Quisumbing, Austria-Martinez, and Callejo, Sr., JJ., concur.

[1] Penned by Associate Justice Martin S. Villarama, Jr., concurred in by Associate Justices Conchita Carpio Morales and Sergio L. Pestano,former Ninth Division, Court of Appeals.

[2] Penned by Commissioner Victoriano Calaycay, Second Division, NLRC, concurred in by Presiding Commissioner Raul T. Aquino and Commissioner Angelita A. Gacutan.

[3] Original Records, p. 41.

[4] Id. at 545.

[5] Rollo, p. 26.

[6] Id. at 32.

[7] Of the seven (7) petitioners only Ricardo Bartolome signed the verification and certification of non-forum shopping

[8] G.R. No. 139396, 15 August 2000, 338 SCRA 62.

[9] G.R. No. 82868, 5 August 1991, 200 SCRA 158.

[10] G.R. No. 110637, 7 October 1994, 237 SCRA 523.

[11] G.R. No. 121582, 16 October 1997, 280 SCRA 853.

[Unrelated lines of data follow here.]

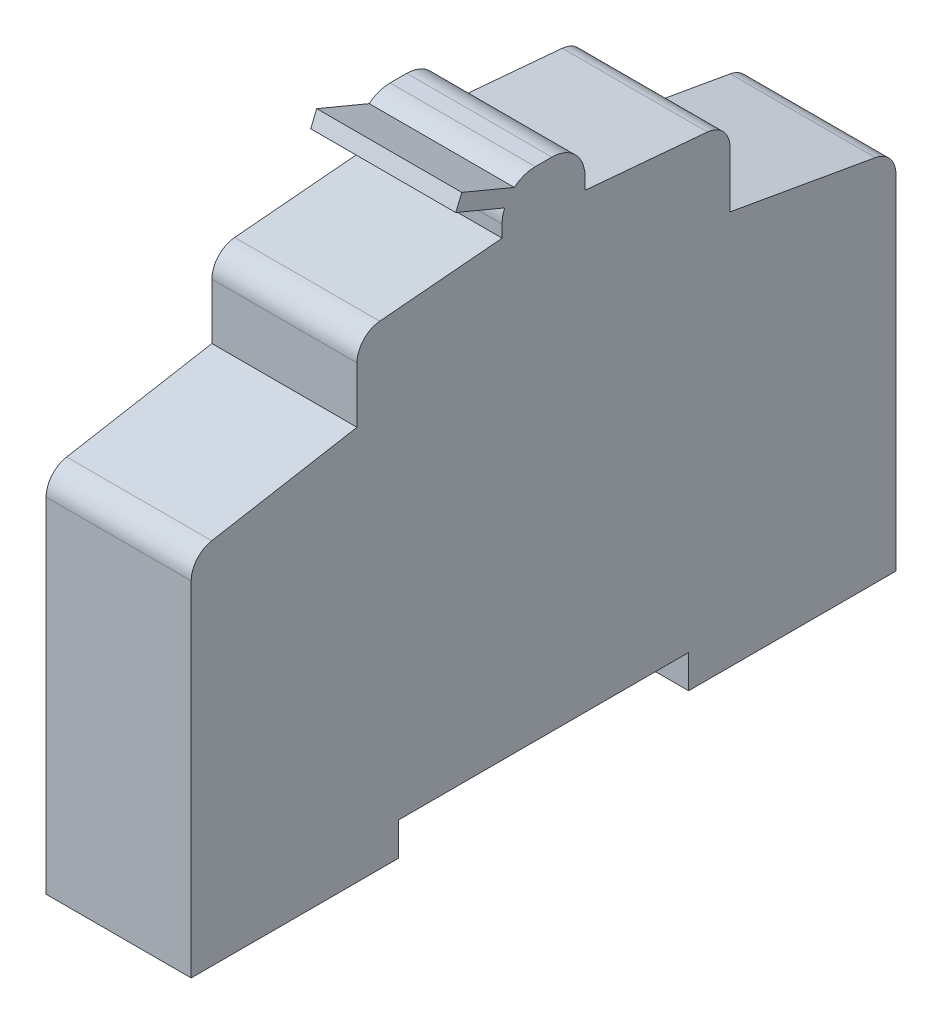
ISO-10303-21;
HEADER;
FILE_DESCRIPTION(('STEP AP214'),'2;1');
FILE_NAME('part.step','',(''),(''),'','','');
FILE_SCHEMA(('AUTOMOTIVE_DESIGN { 1 0 10303 214 1 1 1 1 }'));
ENDSEC;
DATA;
#1=APPLICATION_CONTEXT('core data for automotive mechanical design processes');
#2=APPLICATION_PROTOCOL_DEFINITION('international standard','automotive_design',2000,#1);
#3=PRODUCT_CONTEXT('',#1,'mechanical');
#4=PRODUCT('Part','Part','',(#3));
#5=PRODUCT_RELATED_PRODUCT_CATEGORY('part','',(#4));
#6=PRODUCT_DEFINITION_FORMATION('','',#4);
#7=PRODUCT_DEFINITION_CONTEXT('part definition',#1,'design');
#8=PRODUCT_DEFINITION('design','',#6,#7);
#9=PRODUCT_DEFINITION_SHAPE('','',#8);
#10=(LENGTH_UNIT() NAMED_UNIT(*) SI_UNIT(.MILLI.,.METRE.));
#11=(NAMED_UNIT(*) PLANE_ANGLE_UNIT() SI_UNIT($,.RADIAN.));
#12=(NAMED_UNIT(*) SI_UNIT($,.STERADIAN.) SOLID_ANGLE_UNIT());
#13=UNCERTAINTY_MEASURE_WITH_UNIT(LENGTH_MEASURE(1.E-05),#10,'distance_accuracy_value','');
#14=(GEOMETRIC_REPRESENTATION_CONTEXT(3) GLOBAL_UNCERTAINTY_ASSIGNED_CONTEXT((#13)) GLOBAL_UNIT_ASSIGNED_CONTEXT((#10,
#11,#12)) REPRESENTATION_CONTEXT('',''));
#15=CARTESIAN_POINT('',(0.,0.,0.));
#16=DIRECTION('',(0.,0.,1.));
#17=DIRECTION('',(1.,0.,0.));
#18=AXIS2_PLACEMENT_3D('',#15,#16,#17);
#19=CARTESIAN_POINT('',(0.,0.,0.));
#20=DIRECTION('',(0.,-1.,0.));
#21=DIRECTION('',(0.,0.,-1.));
#22=AXIS2_PLACEMENT_3D('',#19,#20,#21);
#23=PLANE('',#22);
#24=DIRECTION('',(1.,0.,0.));
#25=VECTOR('',#24,1.);
#26=CARTESIAN_POINT('',(-0.001000000000001,0.,-25.));
#27=LINE('',#26,#25);
#28=CARTESIAN_POINT('',(0.,0.,-25.));
#29=VERTEX_POINT('',#28);
#30=CARTESIAN_POINT('',(17.5,0.,-25.));
#31=VERTEX_POINT('',#30);
#32=EDGE_CURVE('E397',#29,#31,#27,.T.);
#33=ORIENTED_EDGE('',*,*,#32,.T.);
#34=DIRECTION('',(0.,0.,-1.));
#35=VECTOR('',#34,1.);
#36=CARTESIAN_POINT('',(17.5,0.,0.));
#37=LINE('',#36,#35);
#38=CARTESIAN_POINT('',(17.5,0.,0.));
#39=VERTEX_POINT('',#38);
#40=EDGE_CURVE('E232',#39,#31,#37,.T.);
#41=ORIENTED_EDGE('',*,*,#40,.F.);
#42=DIRECTION('',(1.,0.,0.));
#43=VECTOR('',#42,1.);
#44=CARTESIAN_POINT('',(0.,0.,0.));
#45=LINE('',#44,#43);
#46=CARTESIAN_POINT('',(0.,0.,0.));
#47=VERTEX_POINT('',#46);
#48=EDGE_CURVE('E233',#47,#39,#45,.T.);
#49=ORIENTED_EDGE('',*,*,#48,.F.);
#50=DIRECTION('',(0.,0.,1.));
#51=VECTOR('',#50,1.);
#52=CARTESIAN_POINT('',(0.,0.,0.));
#53=LINE('',#52,#51);
#54=EDGE_CURVE('E380',#29,#47,#53,.T.);
#55=ORIENTED_EDGE('',*,*,#54,.F.);
#56=EDGE_LOOP('',(#33,#41,#49,#55));
#57=FACE_BOUND('',#56,.T.);
#58=ADVANCED_FACE('F36',(#57),#23,.T.);
#59=CARTESIAN_POINT('',(0.,60.,-41.5));
#60=DIRECTION('',(-1.,0.,0.));
#61=DIRECTION('',(0.,0.,1.));
#62=AXIS2_PLACEMENT_3D('',#59,#60,#61);
#63=CYLINDRICAL_SURFACE('',#62,4.);
#64=DIRECTION('',(-1.,0.,0.));
#65=VECTOR('',#64,1.);
#66=CARTESIAN_POINT('',(0.,63.0996030883576,-38.9716683970167));
#67=LINE('',#66,#65);
#68=CARTESIAN_POINT('',(17.5,63.0996030883576,-38.9716683970167));
#69=VERTEX_POINT('',#68);
#70=CARTESIAN_POINT('',(0.,63.0996030883576,-38.9716683970167));
#71=VERTEX_POINT('',#70);
#72=EDGE_CURVE('E11',#69,#71,#67,.T.);
#73=ORIENTED_EDGE('',*,*,#72,.F.);
#74=CARTESIAN_POINT('',(17.5,60.,-41.5));
#75=DIRECTION('',(-1.,0.,0.));
#76=DIRECTION('',(0.,0.,1.));
#77=AXIS2_PLACEMENT_3D('',#74,#75,#76);
#78=CIRCLE('',#77,4.);
#79=CARTESIAN_POINT('',(17.5,64.,-41.5));
#80=VERTEX_POINT('',#79);
#81=EDGE_CURVE('E331',#80,#69,#78,.F.);
#82=ORIENTED_EDGE('',*,*,#81,.F.);
#83=DIRECTION('',(1.,0.,0.));
#84=VECTOR('',#83,1.);
#85=CARTESIAN_POINT('',(17.5,64.,-41.5));
#86=LINE('',#85,#84);
#87=CARTESIAN_POINT('',(0.,64.,-41.5));
#88=VERTEX_POINT('',#87);
#89=EDGE_CURVE('E325',#88,#80,#86,.T.);
#90=ORIENTED_EDGE('',*,*,#89,.F.);
#91=CARTESIAN_POINT('',(0.,60.,-41.5));
#92=DIRECTION('',(1.,0.,0.));
#93=DIRECTION('',(0.,0.,-1.));
#94=AXIS2_PLACEMENT_3D('',#91,#92,#93);
#95=CIRCLE('',#94,4.);
#96=EDGE_CURVE('E338',#71,#88,#95,.F.);
#97=ORIENTED_EDGE('',*,*,#96,.F.);
#98=EDGE_LOOP('',(#73,#82,#90,#97));
#99=FACE_BOUND('',#98,.T.);
#100=ADVANCED_FACE('F430',(#99),#63,.T.);
#101=CARTESIAN_POINT('',(0.,44.,0.));
#102=DIRECTION('',(1.,0.,0.));
#103=DIRECTION('',(0.,0.,-1.));
#104=AXIS2_PLACEMENT_3D('',#101,#102,#103);
#105=PLANE('',#104);
#106=DIRECTION('',(0.,0.,-1.));
#107=VECTOR('',#106,1.);
#108=CARTESIAN_POINT('',(0.,4.,-60.));
#109=LINE('',#108,#107);
#110=CARTESIAN_POINT('',(0.,4.,-25.));
#111=VERTEX_POINT('',#110);
#112=CARTESIAN_POINT('',(0.,4.,-60.));
#113=VERTEX_POINT('',#112);
#114=EDGE_CURVE('E682',#111,#113,#109,.T.);
#115=ORIENTED_EDGE('',*,*,#114,.F.);
#116=DIRECTION('',(0.,1.,0.));
#117=VECTOR('',#116,1.);
#118=CARTESIAN_POINT('',(0.,4.,-25.));
#119=LINE('',#118,#117);
#120=EDGE_CURVE('E226',#29,#111,#119,.T.);
#121=ORIENTED_EDGE('',*,*,#120,.F.);
#122=ORIENTED_EDGE('',*,*,#54,.T.);
#123=DIRECTION('',(0.,-1.,0.));
#124=VECTOR('',#123,1.);
#125=CARTESIAN_POINT('',(0.,44.,0.));
#126=LINE('',#125,#124);
#127=CARTESIAN_POINT('',(0.,41.4827011064681,0.));
#128=VERTEX_POINT('',#127);
#129=EDGE_CURVE('E247',#128,#47,#126,.T.);
#130=ORIENTED_EDGE('',*,*,#129,.F.);
#131=CARTESIAN_POINT('',(0.,41.4827011064681,-3.));
#132=DIRECTION('',(1.,0.,0.));
#133=DIRECTION('',(0.,0.,-1.));
#134=AXIS2_PLACEMENT_3D('',#131,#132,#133);
#135=CIRCLE('',#134,3.);
#136=CARTESIAN_POINT('',(0.,44.4371243655047,-2.4790554669992));
#137=VERTEX_POINT('',#136);
#138=EDGE_CURVE('E305',#128,#137,#135,.F.);
#139=ORIENTED_EDGE('',*,*,#138,.T.);
#140=DIRECTION('',(0.,-0.173648177666934,0.984807753012207));
#141=VECTOR('',#140,1.);
#142=CARTESIAN_POINT('',(0.,43.9999999999999,0.));
#143=LINE('',#142,#141);
#144=CARTESIAN_POINT('',(0.,47.5265396141693,-20.));
#145=VERTEX_POINT('',#144);
#146=EDGE_CURVE('E265',#137,#145,#143,.F.);
#147=ORIENTED_EDGE('',*,*,#146,.T.);
#148=DIRECTION('',(0.,-1.,0.));
#149=VECTOR('',#148,1.);
#150=CARTESIAN_POINT('',(0.,59.,-20.));
#151=LINE('',#150,#149);
#152=CARTESIAN_POINT('',(0.,54.2510064779476,-20.));
#153=VERTEX_POINT('',#152);
#154=EDGE_CURVE('E379',#153,#145,#151,.T.);
#155=ORIENTED_EDGE('',*,*,#154,.F.);
#156=CARTESIAN_POINT('',(0.,54.2510064779476,-23.));
#157=DIRECTION('',(1.,0.,0.));
#158=DIRECTION('',(0.,0.,-1.));
#159=AXIS2_PLACEMENT_3D('',#156,#157,#158);
#160=CIRCLE('',#159,3.);
#161=CARTESIAN_POINT('',(0.,57.2395905722228,-22.738532771757));
#162=VERTEX_POINT('',#161);
#163=EDGE_CURVE('E303',#153,#162,#160,.F.);
#164=ORIENTED_EDGE('',*,*,#163,.T.);
#165=DIRECTION('',(0.,0.087155742747655,-0.996194698091746));
#166=VECTOR('',#165,1.);
#167=CARTESIAN_POINT('',(0.,59.,-42.8601046055254));
#168=LINE('',#167,#166);
#169=CARTESIAN_POINT('',(0.,58.5310516117034,-37.5));
#170=VERTEX_POINT('',#169);
#171=EDGE_CURVE('E280',#162,#170,#168,.T.);
#172=ORIENTED_EDGE('',*,*,#171,.T.);
#173=DIRECTION('',(0.,-1.,0.));
#174=VECTOR('',#173,1.);
#175=CARTESIAN_POINT('',(0.,64.,-37.5));
#176=LINE('',#175,#174);
#177=CARTESIAN_POINT('',(0.,60.,-37.5));
#178=VERTEX_POINT('',#177);
#179=EDGE_CURVE('E360',#178,#170,#176,.T.);
#180=ORIENTED_EDGE('',*,*,#179,.F.);
#181=CARTESIAN_POINT('',(0.,61.5405482061111,-37.8085624447042));
#182=VERTEX_POINT('',#181);
#183=EDGE_CURVE('E339',#178,#182,#95,.F.);
#184=ORIENTED_EDGE('',*,*,#183,.T.);
#185=DIRECTION('',(0.,0.385137051527772,0.922859388823939));
#186=VECTOR('',#185,1.);
#187=CARTESIAN_POINT('',(0.,61.5405482061111,-37.8085624447042));
#188=LINE('',#187,#186);
#189=CARTESIAN_POINT('',(0.,64.,-31.9152624613693));
#190=VERTEX_POINT('',#189);
#191=EDGE_CURVE('E348',#182,#190,#188,.T.);
#192=ORIENTED_EDGE('',*,*,#191,.T.);
#193=DIRECTION('',(0.,0.922859388823939,-0.385137051527773));
#194=VECTOR('',#193,1.);
#195=CARTESIAN_POINT('',(0.,64.,-31.9152624613693));
#196=LINE('',#195,#194);
#197=CARTESIAN_POINT('',(0.,65.7411990758896,-32.6419173411182));
#198=VERTEX_POINT('',#197);
#199=EDGE_CURVE('E669',#190,#198,#196,.T.);
#200=ORIENTED_EDGE('',*,*,#199,.T.);
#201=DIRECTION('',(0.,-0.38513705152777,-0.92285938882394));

[12] G.R. No. 119332, 29 August 1997, 278 SCRA 368.

[13] G.R. No. 91298, 22 June 1990, 186 SCRA 724.

[14] Rollo, p. 82, Annex "A."

[15] Id. at 84, Annex "B."

[16] Petitioners' counsel of record, Atty. Armando Ampil, had signified his intention to withd raw from the case in view of his commitment in other equally important cases.